Lift out each line of the data that holds "from".
---- DATA SECTION
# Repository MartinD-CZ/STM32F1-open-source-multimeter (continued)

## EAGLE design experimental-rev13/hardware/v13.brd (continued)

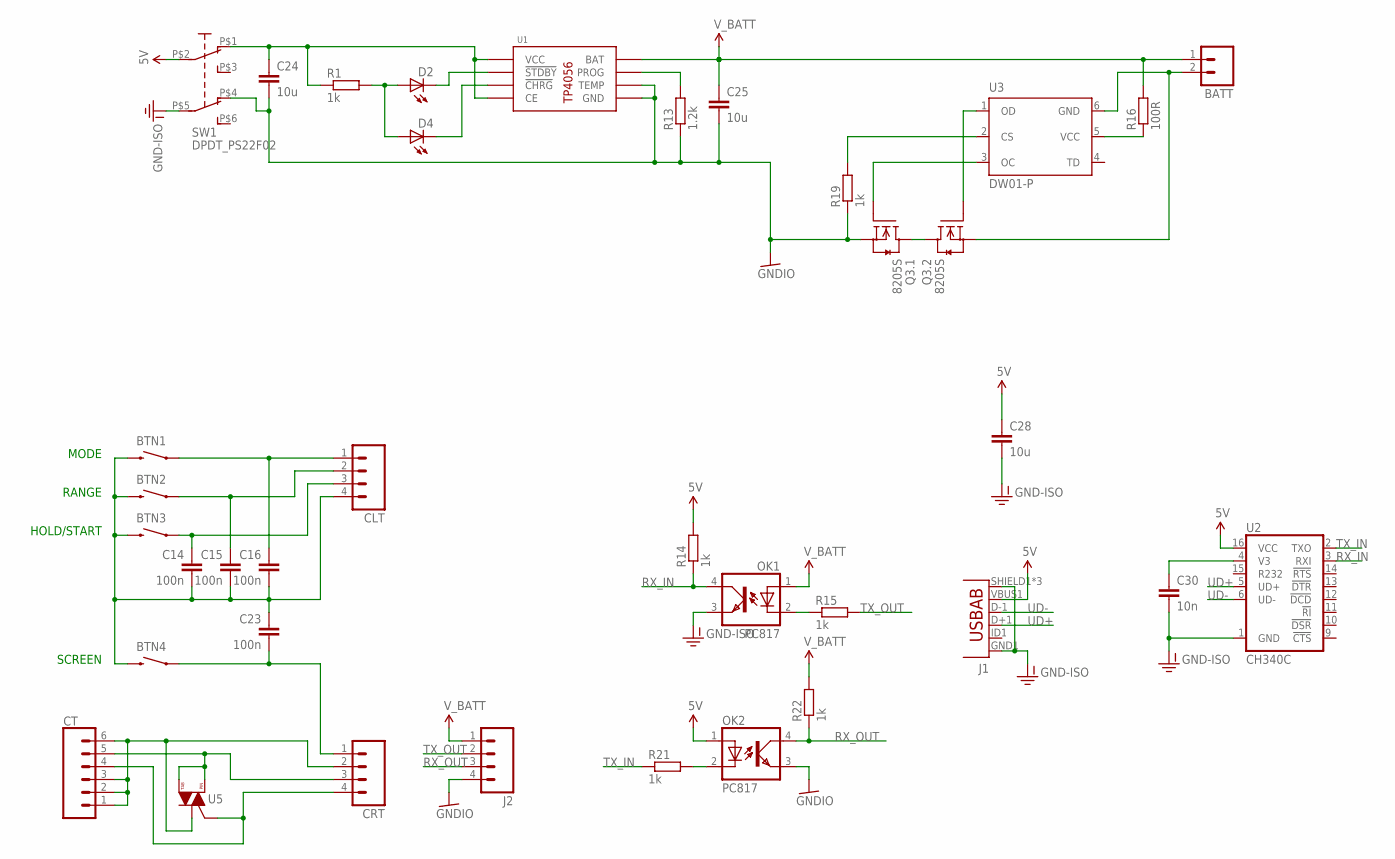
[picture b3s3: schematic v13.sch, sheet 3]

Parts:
BATT: M02PTH3; 1X02_LONGPADS
BTN1, BTN2, BTN3, BTN4: SWITCH-MOMENTARY-2PTH; TACTILE-PTH
C14, C15, C16, C23: 100n; C1206
C24, C25, C28: 10u; C1206
C30: 10n; C1206
CLT: M04PTH; 1X04@1
CRT: M04PTH; 1X04@1
CT: CONN_06NO_SILK_FEMALE_PTH; 1X06_NO_SILK
D2, D4: LEDCHIPLED_1206; CHIPLED_1206
J1: USB-ABCONN-11794; USB-AB-MICRO-SMD_V03
J2: M04PTH; 1X04@1
OK1, OK2: PC817; DIL04
Q3: 8205S; SSOT-6
R1, R14, R15, R19, R21, R22: 1k; R1206
R13: 1.2k; R1206
R16: 100R; R1206
SW1: DPDT_PS22F02; PS22_L02_DPDT_SW
U1: TP4056; SOP8
U2: CH340C; SO016
U3: DW01-P; SOT23-6L
U5: TRIAC-HPSMD; SOT223

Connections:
5V: C28.1, J1.VBUS1 (VBUS), OK2.1 (A), R14.2, SW1.P$2, U2.16 (VCC)
5V_ISO: C24.1, R1.1, SW1.P$1 (O), U1.4 (VCC), U1.8 (CE)
BTN1T: BTN1.1, C16.1, CLT.1
BTN2T: BTN2.1, C15.1, CLT.2
BTN3T: BTN3.1, C14.1, CLT.3
GND-ISO: C28.2, C30.2, J1.GND1 (GND), J1.SHIELD1 (SHIELD), J1.SHIELD2 (SHIELD), J1.SHIELD3 (SHIELD), OK1.3 (EMIT), SW1.P$5 (P1), U2.1 (GND)
GNDIO: C24.2, C25.2, J2.4, OK2.3 (EMIT), Q3.5 (S), R13.1, R19.1, SW1.P$4 (O1), U1.1 (TEMP), U1.3 (GND)
unnamed: D2.A, D4.A, R1.2
unnamed: BTN1.3 (2), BTN2.3 (2), BTN3.3 (2), BTN4.3 (2), C14.2, C15.2, C16.2, C23.1, CLT.4
unnamed: BTN4.1, C23.2, CRT.1
unnamed: D2.C, U1.6 (!STDBY)
unnamed: D4.C, U1.7 (!CHRG)
unnamed: R13.2, U1.2 (PROG)
unnamed: C30.1, U2.4 (V3)
unnamed: OK2.2 (C), R21.2
unnamed: OK1.2 (C), R15.1
unnamed: R16.1, U3.5 (VCC)
unnamed: BATT.2, Q3.2 (S), U3.6 (GND)
unnamed: Q3.4 (D), Q3.6 (D)
unnamed: Q3.3 (G), U3.1 (OD)
unnamed: Q3.1 (G), U3.3 (OC)
unnamed: R19.2, U3.2 (CS)
RX_IN: OK1.4 (COL), R14.1, U2.3 (RXI)
RX_OUT: J2.3, OK2.4 (COL), R22.1
TPA1_TOP: CRT.2, CT.1, CT.2, CT.3, CT.6, U5.1 (T1)
TPA2_TOP: CRT.3, CT.5, U5.2 (T2), U5.4 (T2)
TPA3_TOP: CRT.4, CT.4, U5.3 (G)
TX_IN: R21.1, U2.2 (TXO)
TX_OUT: J2.2, R15.2
UD+: J1.D+1 (D+), U2.5 (UD+)
UD-: J1.D-1 (D-), U2.6 (UD-)
V_BATT: BATT.1, C25.1, J2.1, OK1.1 (A), R16.2, R22.2, U1.5 (BAT); also elsewhere on the board

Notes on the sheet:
MODE
HOLD/START
RANGE
SCREEN

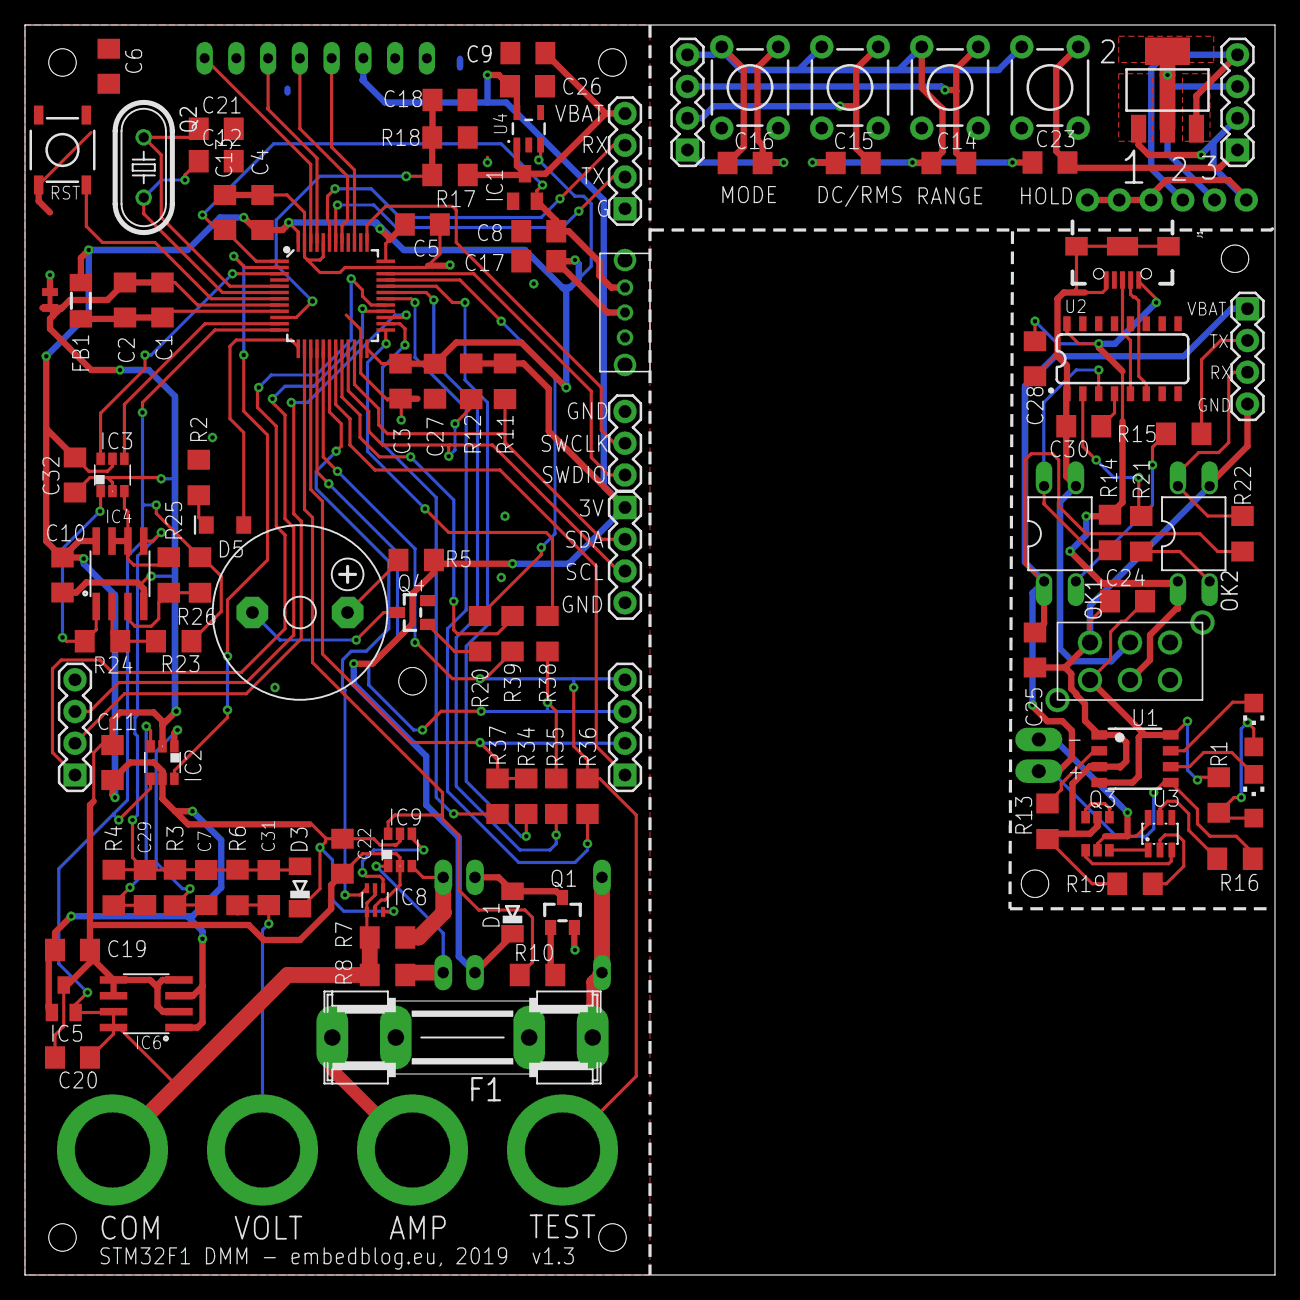
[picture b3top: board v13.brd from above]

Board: 2 copper layers, 100.0 x 100.0 mm, 116 parts (1 on the bottom side), 92 nets.

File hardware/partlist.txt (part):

Partlist

Exported from v12.sch at 27.05.2019 15:28

EAGLE Version 9.3.0 Copyright (c) 1988-2019 Autodesk, Inc.

Assembly variant: 

Part     Value                    Device                   Package              Library                    Sheet

BATT                              M02PTH3                  1X02_LONGPADS        SparkFun-Connectors        3
BTN1     SWITCH-MOMENTARY-2PTH    SWITCH-MOMENTARY-2PTH    TACTILE-PTH          SparkFun-Electromechanical 3
BTN2     SWITCH-MOMENTARY-2PTH    SWITCH-MOMENTARY-2PTH    TACTILE-PTH          SparkFun-Electromechanical 3
BTN3     SWITCH-MOMENTARY-2PTH    SWITCH-MOMENTARY-2PTH    TACTILE-PTH          SparkFun-Electromechanical 3
BTN4     SWITCH-MOMENTARY-2PTH    SWITCH-MOMENTARY-2PTH    TACTILE-PTH          SparkFun-Electromechanical 3
C1       100n                     C-EUC1206                C1206                resistor                   1
C2       1u                       C-EUC1206                C1206                resistor                   1
C3       100n                     C-EUC1206                C1206                resistor                   1
C4       100n                     C-EUC1206                C1206                resistor                   1
C5       100n                     C-EUC1206                C1206                resistor                   1
C6       100n                     C-EUC1206                C1206                resistor                   1
C7       1u                       C-EUC1206                C1206                resistor                   1
C8       1u                       C-EUC1206                C1206                resistor                   1
C9       22u                      C-EUC1206                C1206                resistor                   1
C10      100n                     CAP1206                  1206                 SparkFun-Passives          2
C11      100n                     CAP1206                  1206                 SparkFun-Passives          2
C13      100n                     C-EUC1206                C1206                resistor                   1
C14      100n                     C-EUC1206                C1206                resistor                   3
C15      100n                     C-EUC1206                C1206                resistor                   3
C16      100n                     C-EUC1206                C1206                resistor                   3
C17      22u                      C-EUC1206                C1206                resistor                   1
C18      DNP                      C-EUC1206                C1206                resistor                   1
C19      100n                     C-EUC1206                C1206                resistor                   2
C20      100n                     C-EUC1206                C1206                resistor                   2
C21      DNP                      C-EUC1206                C1206                resistor                   1
C22      DNP                      C-EUC1206                C1206                resistor                   1
C23      100n                     C-EUC1206                C1206                resistor                   3
C24      10u                      C-EUC1206                C1206                resistor                   3
C25      10u                      C-EUC1206                C1206                resistor                   3
C26      1u                       C-EUC1206                C1206                resistor                   1
C27      10u                      C-EUC1206                C1206                resistor                   1
C28      10u                      C-EUC1206                C1206                resistor                   3
C30      10n                      C-EUC1206                C1206                resistor                   3
CLB                               M04PTH                   1X04@1               SparkFun-Connectors        1
CLT                               M04PTH                   1X04@1               SparkFun-Connectors        3
CRB                               M04PTH                   1X04@1               SparkFun-Connectors        1
CRT                               M04PTH                   1X04@1               SparkFun-Connectors        3
CT                                M06SILK_FEMALE_PTH       1X06                 SparkFun-Connectors        2
D1                                DIODE-MINIMELF           MINIMELF             diode                      2
D2                                LEDCHIPLED_1206          CHIPLED_1206         led                        3
D3                                DIODE-MINIMELF           MINIMELF             diode                      2
D4                                LEDCHIPLED_1206          CHIPLED_1206         led                        3
D6                                DIODE-MINIMELF           MINIMELF             diode                      2
F1                                FUSEC                    1206                 m-pad-2.1                  2
FB1      1.8u                     FERRITE-BEADC            1206                 m-pad-2.1                  1
I2C                               M04PTH                   1X04@1               SparkFun-Connectors        1
IC1      MCP1700                  XC63FPM                  SOT23                v-reg                      1
IC2      741G3157DBVR             741G3157DBVR             DBV_R-PDSO-G6        74xx-little-de             2
IC4      MCP6072                  OPAMP-DUALU              SO08                 SparkFun-AnalogIC          2
IC5      REF3012                  MAX6520                  SOT23                maxim                      2
IC6      MCP1501                  MCP1501                  SO08                 custom                     2
IC7                               XC63FPM                  SOT23                v-reg                      1
J1                                USB-ABCONN-11794         USB-AB-MICRO-SMD_V03 SparkFun-Connectors        3
J2                                M04PTH                   1X04@1               SparkFun-Connectors        3
K2       FRS1B                    FRS1B                    FRS1B                relay                      2
LED1     RGBLED_CA-5MM            RGBLED_CA-5MM            LED5MMRGB            adafruit                   1
M1       5110_DISPLAY             5110_DISPLAY             5110_LAYOUT          custom                     1
OK1      PC817                    PC817                    DIL04                optocoupler                3
OK2      PC817                    PC817                    DIL04                optocoupler                3
PWR                               M04PTH                   1X04@1               SparkFun-Connectors        1
Q1       2N3904-MMBT              2N3904-MMBT              SOT23                m-pad-2.1                  2
Q2       DNP                      CRYSTALTC26H             TC26H                crystal                    1
Q3       8205S                    FDC6305N                 SSOT-6               m-pad-2.1                  3
Q4       2N3904-MMBT              2N3904-MMBT              SOT23                m-pad-2.1                  1
R1       1k                       R-EU_R1206               R1206                resistor                   3
R2       1k                       R-EU_R1206               R1206                resistor                   1
R3       250k                     R-EU_R1206               R1206                resistor                   2
R4       20k                      R-EU_R1206               R1206                resistor                   2
R5       100                      R-EU_R1206               R1206                resistor                   1
R6       1M                       R-EU_R1206               R1206                resistor                   2
R7       1                        R-EU_R1206               R1206                resistor                   2
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
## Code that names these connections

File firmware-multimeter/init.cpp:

/* ====================================================
 * STM32 OPEN SOURCE MULTIMETER
 * embedblog.eu/dmm
 * license: CC BY-NC-SA 4.0
 * ==================================================== */

#include "stm32f3xx.h"
#include "init.h"
#include "config.h"
#include "interrupt.h"

extern volatile uint8_t mode, rangeV;
extern volatile bool rangeI, aquisition;

void init_RCC(void)
{
	//init RCC to external crystal, PLL x9;
	RCC->CFGR |= RCC_CFGR_PLLSRC_HSE_PREDIV | RCC_CFGR_PLLMUL9 | RCC_CFGR_PPRE1_DIV2;
	RCC->CR |= RCC_CR_HSEON | RCC_CR_PLLON;
	FLASH->ACR |= FLASH_ACR_LATENCY_1;
	
	while (!(RCC->CR & RCC_CR_PLLRDY));
	
	RCC->CFGR |= RCC_CFGR_SW_PLL;
}

void init_GPIO(void)
{
	//enable GPIO clocks
	RCC->AHBENR |= RCC_AHBENR_GPIOAEN | RCC_AHBENR_GPIOBEN | RCC_AHBENR_GPIOCEN | RCC_AHBENR_GPIODEN | RCC_AHBENR_GPIOEEN| RCC_AHBENR_GPIOFEN;
	
	//enable OFSEL on PA12
	GPIOA->MODER |= GPIO_MODER_MODER12_0;
	GPIOA->OSPEEDR |= GPIO_OSPEEDER_OSPEEDR12;
	
	//enable buzzer on PA8
	GPIOA->MODER |= GPIO_MODER_MODER8_0;
	GPIOA->OSPEEDR |= GPIO_OSPEEDER_OSPEEDR8;
	
	//enable VSEL on PF6:7
	GPIOF->MODER |= GPIO_MODER_MODER6_0 | GPIO_MODER_MODER7_0;
	GPIOF->OSPEEDR |= GPIO_OSPEEDER_OSPEEDR6 | GPIO_OSPEEDER_OSPEEDR7;
	
	//enable ISEL on PB2
	GPIOB->MODER |= GPIO_MODER_MODER2_0;
	GPIOB->OSPEEDR |= GPIO_OSPEEDER_OSPEEDR2;
	
	//enable LED on PB6:7
	GPIOB->MODER |= GPIO_MODER_MODER6_0 | GPIO_MODER_MODER7_0;
	GPIOB->OSPEEDR |= GPIO_OSPEEDER_OSPEEDR6 | GPIO_OSPEEDER_OSPEEDR7;
	
	//se PA3:6, PB14:15 to high speed (used later for component testing/continuity)
	GPIOA->OSPEEDR |= GPIO_OSPEEDER_OSPEEDR3 | GPIO_OSPEEDER_OSPEEDR4 | GPIO_OSPEEDER_OSPEEDR5 | GPIO_OSPEEDER_OSPEEDR6;
	GPIOB->OSPEEDR |= GPIO_OSPEEDER_OSPEEDR14 | GPIO_OSPEEDER_OSPEEDR15;
}

void init_EXTI(void)
{
	//button pins (PC13:15, PA11) - inputs with pullups
	GPIOC->PUPDR |= GPIO_PUPDR_PUPDR13_0 | GPIO_PUPDR_PUPDR14_0 | GPIO_PUPDR_PUPDR15_0;
	GPIOA->PUPDR |= GPIO_PUPDR_PUPDR11_0;

	RCC->APB2ENR |= RCC_APB2ENR_SYSCFGEN;
	SYSCFG->EXTICR[2] |= SYSCFG_EXTICR3_EXTI11_PA;
	SYSCFG->EXTICR[3] |= SYSCFG_EXTICR4_EXTI13_PC | SYSCFG_EXTICR4_EXTI14_PC | SYSCFG_EXTICR4_EXTI15_PC;
	
	EXTI->IMR |= EXTI_IMR_MR11 | EXTI_IMR_MR13 | EXTI_IMR_MR14 | EXTI_IMR_MR15;
	EXTI->FTSR |= EXTI_FTSR_TR11 | EXTI_FTSR_TR13 | EXTI_FTSR_TR14 | EXTI_FTSR_TR15;
	
	NVIC_SetPriority(EXTI15_10_IRQn, 7);
	
	NVIC_EnableIRQ(EXTI15_10_IRQn);
}

void init_TIM3(void)			//used to update data
{
	//enable clock to Timer 3
	RCC->APB1ENR |= RCC_APB1ENR_TIM3EN;
	
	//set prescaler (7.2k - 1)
--------
→ **RESPONSE**
[picture b3top: board v13.brd from above]
Exported from v12.sch at 27.05.2019 15:28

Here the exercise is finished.